Return all lines from the listing below that include the word "mode".

▸ Dataset
_ _ _

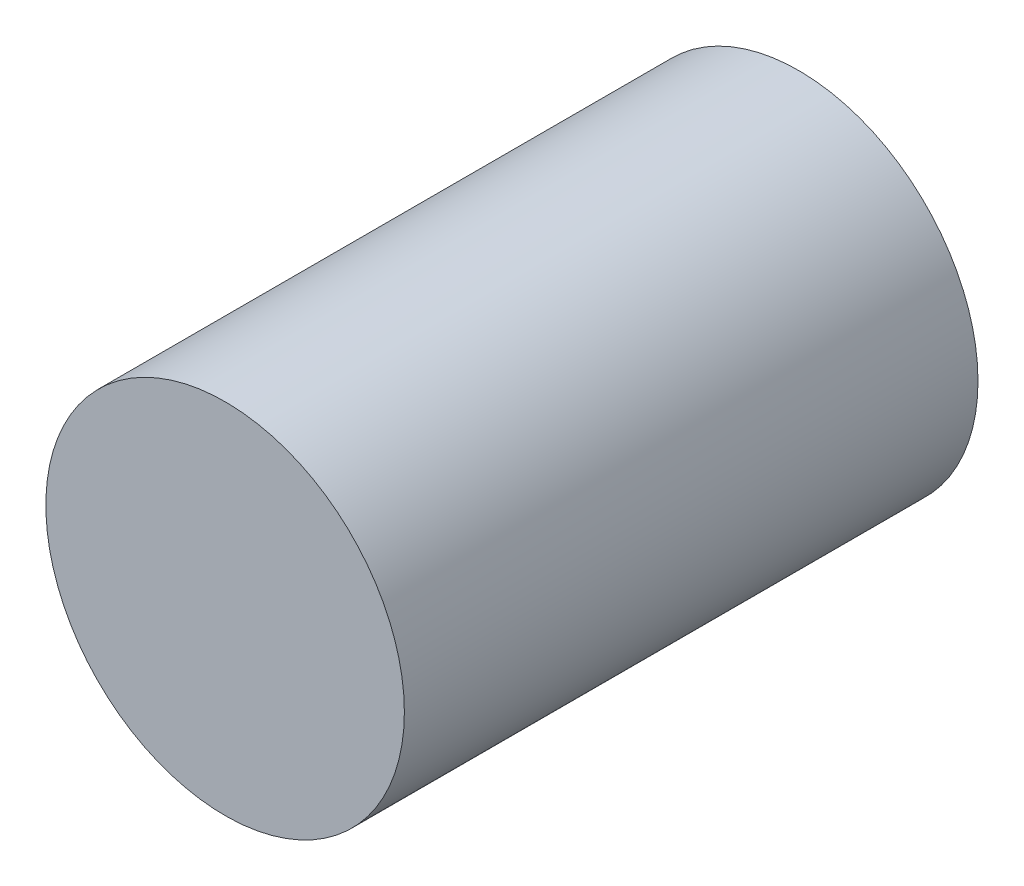
from build123d import *

# Parameters (mm, degrees)
SKETCH2_R = 2.5
SKETCH3_R = 2.5


with BuildPart() as part:
    # Sketch2 → Loft1 section 0
    with BuildSketch(Plane.XY):
        Circle(SKETCH2_R)
    # Sketch3 → Loft1 section 1
    with BuildSketch(Plane.XY.offset(8)):
        Circle(SKETCH3_R)
    loft()


solid = part.part
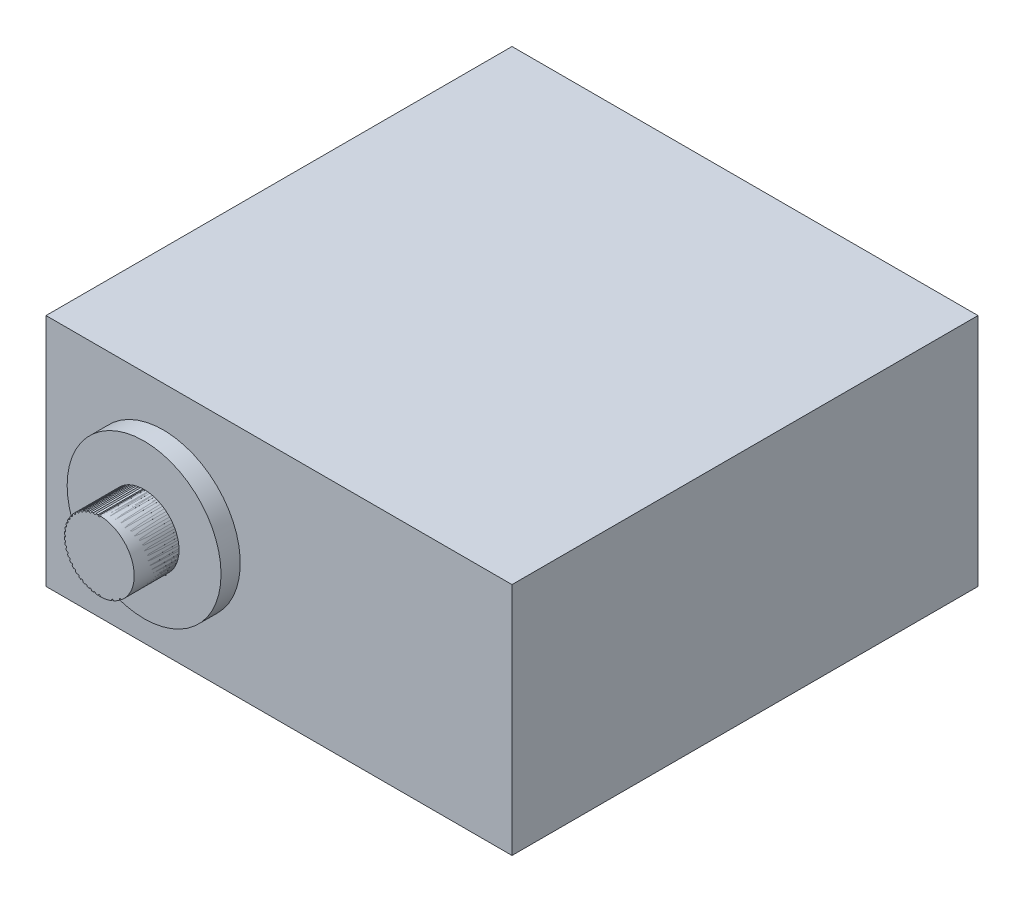
from build123d import *

# Parameters (mm, degrees)
SKETCH_1_W              = 40
SKETCH_1_H              = 20.14
EXTRUDE_1_DEPTH         = 40
SKETCH_2_R              = 6.605
SKETCH_2_R_2            = 3
EXTRUDE_2_DEPTH         = 1.65
SKETCH_3_R              = 3
EXTRUDE_3_DEPTH         = 5.5
SKETCH_4_R              = 6.605
SKETCH_4_R_2            = 3
EXTRUDE_4_DEPTH         = 1.65
SKETCH_5_R              = 3
EXTRUDE_5_DEPTH         = 5.55
CUT_EXTRUDE_START       = -3.9
CUT_EXTRUDE_1_OUTLINE_R = 0.1
CUT_EXTRUDE_1_DEPTH     = 3.9


# Read off the part's stored shape, not the designer's step: 切除-拉伸1
with BuildPart() as part:
    # 草图1 → 凸台-拉伸1 (new body)
    with BuildSketch(Plane.XY):
        Rectangle(SKETCH_1_W, SKETCH_1_H)
    extrude(amount=EXTRUDE_1_DEPTH)

    # 草图2 → 凸台-拉伸2 (add)
    with BuildSketch(Plane.XY.offset(40)):
        with Locations(Location((-9.93, 0, 0), (0, 0, 180))):
            Circle(SKETCH_2_R)
        with Locations((-9.93, 0)):
            Circle(SKETCH_2_R_2, mode=Mode.SUBTRACT)
    extrude(amount=EXTRUDE_2_DEPTH)

    # 草图3 → 凸台-拉伸3 (add)
    with BuildSketch(Plane.XY.offset(40)):
        with Locations((-9.93, 0)):
            Circle(SKETCH_3_R)
    extrude(amount=EXTRUDE_3_DEPTH)

    # 草图4 → 凸台-拉伸4 (add)
    with BuildSketch(Plane(origin=(0, 0, 0), x_dir=(-1, 0, 0), z_dir=(0, 0, -1))):
        with Locations((9.925, 0)):
            Circle(SKETCH_4_R)
        with Locations((9.925, 0)):
            Circle(SKETCH_4_R_2, mode=Mode.SUBTRACT)
    extrude(amount=EXTRUDE_4_DEPTH)

    # 草图5 → 凸台-拉伸5 (add)
    with BuildSketch(Plane(origin=(0, 0, 0), x_dir=(-1, 0, 0), z_dir=(0, 0, -1))):
        with Locations((9.925, 0)):
            Circle(SKETCH_5_R)
    extrude(amount=EXTRUDE_5_DEPTH)

    # 切除-拉伸1 outline → 切除-拉伸1 (cut)
    with BuildSketch(Plane.XY.offset(45.5).offset(CUT_EXTRUDE_START)):
        with BuildLine():
            ThreePointArc((-6.933434762, -0.09998611), (-6.931768095, 0), (-6.933434762, 0.09998611))
            ThreePointArc((-6.933434762, 0.09998611), (-7.031768095, 0), (-6.933434762, -0.09998611))
        make_face()
        with BuildLine():
            ThreePointArc((-6.972136725, 0.490491748), (-7.056577997, 0.378525958), (-6.946035113, 0.292230318))
            ThreePointArc((-6.946035113, 0.292230318), (-6.957433511, 0.391578577), (-6.972136725, 0.490491748))
        make_face()
        with BuildLine():
            ThreePointArc((-6.972136725, -0.490491748), (-6.957433511, -0.391578577), (-6.946035113, -0.292230318))
            ThreePointArc((-6.946035113, -0.292230318), (-7.056577997, -0.378525958), (-6.972136725, -0.490491748))
        make_face()
        with BuildLine():
            ThreePointArc((-7.061478802, 0.872604936), (-7.130583199, 0.750575231), (-7.009722183, 0.679446604))
            ThreePointArc((-7.009722183, 0.679446604), (-7.033990616, 0.776457135), (-7.061478802, 0.872604936))
        make_face()
        with BuildLine():
            ThreePointArc((-7.061478802, -0.872604936), (-7.033990616, -0.776457135), (-7.009722183, -0.679446604))
            ThreePointArc((-7.009722183, -0.679446604), (-7.130583199, -0.750575231), (-7.061478802, -0.872604936))
        make_face()
        with BuildLine():
            ThreePointArc((-7.199932325, 1.239787612), (-7.252517451, 1.109781954), (-7.123406269, 1.055037371))
            ThreePointArc((-7.123406269, 1.055037371), (-7.160129498, 1.148050297), (-7.199932325, 1.239787612))
        make_face()
        with BuildLine():
            ThreePointArc((-7.199932325, -1.239787612), (-7.160129498, -1.148050297), (-7.123406269, -1.055037371))
            ThreePointArc((-7.123406269, -1.055037371), (-7.252517451, -1.109781954), (-7.199932325, -1.239787612))
        make_face()
        with BuildLine():
            ThreePointArc((-7.385128314, 1.585757178), (-7.420294424, 1.45), (-7.285142204, 1.412576155))
            ThreePointArc((-7.285142204, 1.412576155), (-7.333691884, 1.5), (-7.385128314, 1.585757178))
        make_face()
        with BuildLine():
            ThreePointArc((-7.385128314, -1.585757178), (-7.333691884, -1.5), (-7.285142204, -1.412576155))
            ThreePointArc((-7.285142204, -1.412576155), (-7.420294424, -1.45), (-7.385128314, -1.585757178))
        make_face()
        with BuildLine():
            ThreePointArc((-7.613147502, 1.903680264), (-7.630347752, 1.764501178), (-7.491474668, 1.744983665))
            ThreePointArc((-7.491474668, 1.744983665), (-7.55098843, 1.825346045), (-7.613147502, 1.903680264))
        make_face()
        with BuildLine():
            ThreePointArc((-7.613147502, -1.903680264), (-7.55098843, -1.825346045), (-7.491474668, -1.744983665))
            ThreePointArc((-7.491474668, -1.744983665), (-7.630347752, -1.764501178), (-7.613147502, -1.903680264))
        make_face()
        with BuildLine():
            ThreePointArc((-7.882327119, 2.190842689), (-7.88115843, 2.050609665), (-7.740925406, 2.049440976))
            ThreePointArc((-7.740925406, 2.049440976), (-7.810447751, 2.121320344), (-7.882327119, 2.190842689))
        make_face()
        with BuildLine():
            ThreePointArc((-7.882327119, -2.190842689), (-7.810447751, -2.121320344), (-7.740925406, -2.049440976))
            ThreePointArc((-7.740925406, -2.049440976), (-7.88115843, -2.050609665), (-7.882327119, -2.190842689))
        make_face()
        with BuildLine():
            ThreePointArc((-8.185822725, 2.439605453), (-8.166359951, 2.300724687), (-8.027174096, 2.317870078))
            ThreePointArc((-8.027174096, 2.317870078), (-8.105483808, 2.380060021), (-8.185822725, 2.439605453))
        make_face()
        with Locations((-8.105483808, -2.380060021)):
            Circle(CUT_EXTRUDE_1_OUTLINE_R)
        with BuildLine():
            ThreePointArc((-8.51919194, 2.646625891), (-8.481768095, 2.511473671), (-8.346010917, 2.546639781))
            ThreePointArc((-8.346010917, 2.546639781), (-8.431768095, 2.598076212), (-8.51919194, 2.646625891))
        make_face()
        with BuildLine():
            ThreePointArc((-8.51919194, -2.646625891), (-8.431768095, -2.598076212), (-8.346010917, -2.546639781))
            ThreePointArc((-8.346010917, -2.546639781), (-8.481768095, -2.511473671), (-8.51919194, -2.646625891))
        make_face()
        with BuildLine():
            ThreePointArc((-8.875512581, 2.807903896), (-8.82082401, 2.678768979), (-8.690795553, 2.731297705))
            ThreePointArc((-8.690795553, 2.731297705), (-8.782515594, 2.771140323), (-8.875512581, 2.807903896))
        make_face()
        with Locations((-8.782515594, -2.771140323)):
            Circle(CUT_EXTRUDE_1_OUTLINE_R)
        with BuildLine():
            ThreePointArc((-9.252321491, 2.922045912), (-9.181192864, 2.801184896), (-9.059163159, 2.870289293))
            ThreePointArc((-9.059163159, 2.870289293), (-9.15531096, 2.897777479), (-9.252321491, 2.922045912))
        make_face()
        with BuildLine():
            ThreePointArc((-9.252321491, -2.922045912), (-9.15531096, -2.897777479), (-9.059163159, -2.870289293))
            ThreePointArc((-9.059163159, -2.870289293), (-9.181192864, -2.801184896), (-9.252321491, -2.922045912))
        make_face()
        with BuildLine():
            ThreePointArc((-9.639537777, 2.985732982), (-9.553242137, 2.875190098), (-9.441276347, 2.95963137))
            ThreePointArc((-9.441276347, 2.95963137), (-9.540189518, 2.974334584), (-9.639537777, 2.985732982))
        make_face()
        with BuildLine():
            ThreePointArc((-9.639537777, -2.985732982), (-9.540189518, -2.974334584), (-9.441276347, -2.95963137))
            ThreePointArc((-9.441276347, -2.95963137), (-9.553242137, -2.875190098), (-9.639537777, -2.985732982))
        make_face()
        with BuildLine():
            ThreePointArc((-10.031753197, 2.998273885), (-9.931738367, 2.900000004), (-9.831781985, 2.998333333))
            ThreePointArc((-9.831781985, 2.998333333), (-9.931768582, 3), (-10.031753197, 2.998273885))
        make_face()
        with BuildLine():
            ThreePointArc((-10.031755178, -2.998333301), (-9.931768582, -3), (-9.831781985, -2.998333333))
            ThreePointArc((-9.831781985, -2.998333333), (-9.931738367, -2.900000004), (-10.031755178, -2.998333301))
        make_face()
        with BuildLine():
            ThreePointArc((-10.422216845, 2.959344958), (-10.310236127, 2.875197741), (-10.223978869, 2.985561325))
            ThreePointArc((-10.223978869, 2.985561325), (-10.323316348, 2.974105286), (-10.422216845, 2.959344958))
        make_face()
        with BuildLine():
            ThreePointArc((-10.422216845, -2.959344958), (-10.323316348, -2.974105286), (-10.223978869, -2.985561325))
            ThreePointArc((-10.223978869, -2.985561325), (-10.310236127, -2.875197741), (-10.422216845, -2.959344958))
        make_face()
        with BuildLine():
            ThreePointArc((-10.804230244, 2.869794676), (-10.68228835, 2.801199644), (-10.611118169, 2.921656729))
            ThreePointArc((-10.611118169, 2.921656729), (-10.708106413, 2.897335053), (-10.804230244, 2.869794676))
        make_face()
        with BuildLine():
            ThreePointArc((-10.804230244, -2.869794676), (-10.708106413, -2.897335053), (-10.611118169, -2.921656729))
            ThreePointArc((-10.611118169, -2.921656729), (-10.68228835, -2.801199644), (-10.804230244, -2.869794676))
        make_face()
        with BuildLine():
            ThreePointArc((-11.171262224, 2.731166068), (-11.04149976, 2.67927149), (-10.986578735, 2.807782288))
            ThreePointArc((-10.986578735, 2.807782288), (-11.07955895, 2.771013212), (-11.171262224, 2.731166068))
        make_face()
        with BuildLine():
            ThreePointArc((-11.171262224, -2.731166068), (-11.07955895, -2.771013212), (-10.986578735, -2.807782288))
            ThreePointArc((-10.986578735, -2.807782288), (-11.04149976, -2.67927149), (-11.171262224, -2.731166068))
        make_face()
        with BuildLine():
            ThreePointArc((-11.517040579, 2.545840176), (-11.381723912, 2.511499195), (-11.343942874, 2.645895982))
            ThreePointArc((-11.343942874, 2.645895982), (-11.431325485, 2.597310491), (-11.517040579, 2.545840176))
        make_face()
        with BuildLine():
            ThreePointArc((-11.517040579, -2.545840176), (-11.431325485, -2.597310491), (-11.343942874, -2.645895982))
            ThreePointArc((-11.343942874, -2.645895982), (-11.381723912, -2.511499195), (-11.517040579, -2.545840176))
        make_face()
        with BuildLine():
            ThreePointArc((-11.834745795, 2.317745339), (-11.696232175, 2.301448799), (-11.67614372, 2.439463488))
            ThreePointArc((-11.67614372, 2.439463488), (-11.756458976, 2.379925967), (-11.834745795, 2.317745339))
        make_face()
        with BuildLine():
            ThreePointArc((-11.834745795, -2.317745339), (-11.756458976, -2.379925967), (-11.67614372, -2.439463488))
            ThreePointArc((-11.67614372, -2.439463488), (-11.696232175, -2.301448799), (-11.834745795, -2.317745339))
        make_face()
        with BuildLine():
            ThreePointArc((-12.121676667, 2.048549093), (-11.982348311, 2.050639128), (-11.980374357, 2.189969177))
            ThreePointArc((-11.980374357, 2.189969177), (-12.052203839, 2.12043648), (-12.121676667, 2.048549093))
        make_face()
        with BuildLine():
            ThreePointArc((-12.121676667, -2.048549093), (-12.052203839, -2.12043648), (-11.980374357, -2.189969177))
            ThreePointArc((-11.980374357, -2.189969177), (-11.982348311, -2.050639128), (-12.121676667, -2.048549093))
        make_face()
        with BuildLine():
            ThreePointArc((-12.370212095, 1.745097398), (-12.232470956, 1.765436599), (-12.248574024, 1.903736981))
            ThreePointArc((-12.248574024, 1.903736981), (-12.310714801, 1.825430644), (-12.370212095, 1.745097398))
        make_face()
        with BuildLine():
            ThreePointArc((-12.370212095, -1.745097398), (-12.310714801, -1.825430644), (-12.248574024, -1.903736981))
            ThreePointArc((-12.248574024, -1.903736981), (-12.232470956, -1.765436599), (-12.370212095, -1.745097398))
        make_face()
        with BuildLine():
            ThreePointArc((-12.577024299, 1.411829436), (-12.443227043, 1.450025509), (-12.477126402, 1.584975423))
            ThreePointArc((-12.477126402, 1.584975423), (-12.528517897, 1.499234718), (-12.577024299, 1.411829436))
        make_face()
        with BuildLine():
            ThreePointArc((-12.577024299, -1.411829437), (-12.528517897, -1.499234718), (-12.477126402, -1.584975423))
            ThreePointArc((-12.477126402, -1.584975423), (-12.443227043, -1.450025509), (-12.577024299, -1.411829437))
        make_face()
        with BuildLine():
            ThreePointArc((-12.738127903, 1.055659831), (-12.610528431, 1.11096493), (-12.661594431, 1.24031926))
            ThreePointArc((-12.661594431, 1.24031926), (-12.701399585, 1.148627154), (-12.738127903, 1.055659831))
        make_face()
        with BuildLine():
            ThreePointArc((-12.738127903, -1.055659831), (-12.701399585, -1.148627154), (-12.661594431, -1.24031926))
            ThreePointArc((-12.661594431, -1.24031926), (-12.610528431, -1.11096493), (-12.738127903, -1.055659831))
        make_face()
        with BuildLine():
            ThreePointArc((-12.852139719, 0.679043047), (-12.732949047, 0.750589957), (-12.800434802, 0.872126164))
            ThreePointArc((-12.800434802, 0.872126164), (-12.827895818, 0.776015354), (-12.852139719, 0.679043047))
        make_face()
        with BuildLine():
            ThreePointArc((-12.852139719, -0.679043047), (-12.827895818, -0.776015354), (-12.800434802, -0.872126164))
            ThreePointArc((-12.800434802, -0.872126164), (-12.732949047, -0.750589957), (-12.852139719, -0.679043047))
        make_face()
        with BuildLine():
            ThreePointArc((-12.915751102, 0.292045125), (-12.80695719, 0.37853358), (-12.889676355, 0.490220231))
            ThreePointArc((-12.889676355, 0.490220231), (-12.904364681, 0.3913499), (-12.915751102, 0.292045125))
        make_face()
        with BuildLine():
            ThreePointArc((-12.915751102, -0.292045125), (-12.904364681, -0.3913499), (-12.889676355, -0.49022023))
            ThreePointArc((-12.889676355, -0.49022023), (-12.80695719, -0.37853358), (-12.915751102, -0.292045125))
        make_face()
        with Locations((-12.931768095, 0)):
            Circle(CUT_EXTRUDE_1_OUTLINE_R)
    extrude(amount=CUT_EXTRUDE_1_DEPTH, mode=Mode.SUBTRACT)


solid = part.part

_ _ _

▸ Answer box
            Circle(SKETCH_2_R_2, mode=Mode.SUBTRACT)
            Circle(SKETCH_4_R_2, mode=Mode.SUBTRACT)
    extrude(amount=CUT_EXTRUDE_1_DEPTH, mode=Mode.SUBTRACT)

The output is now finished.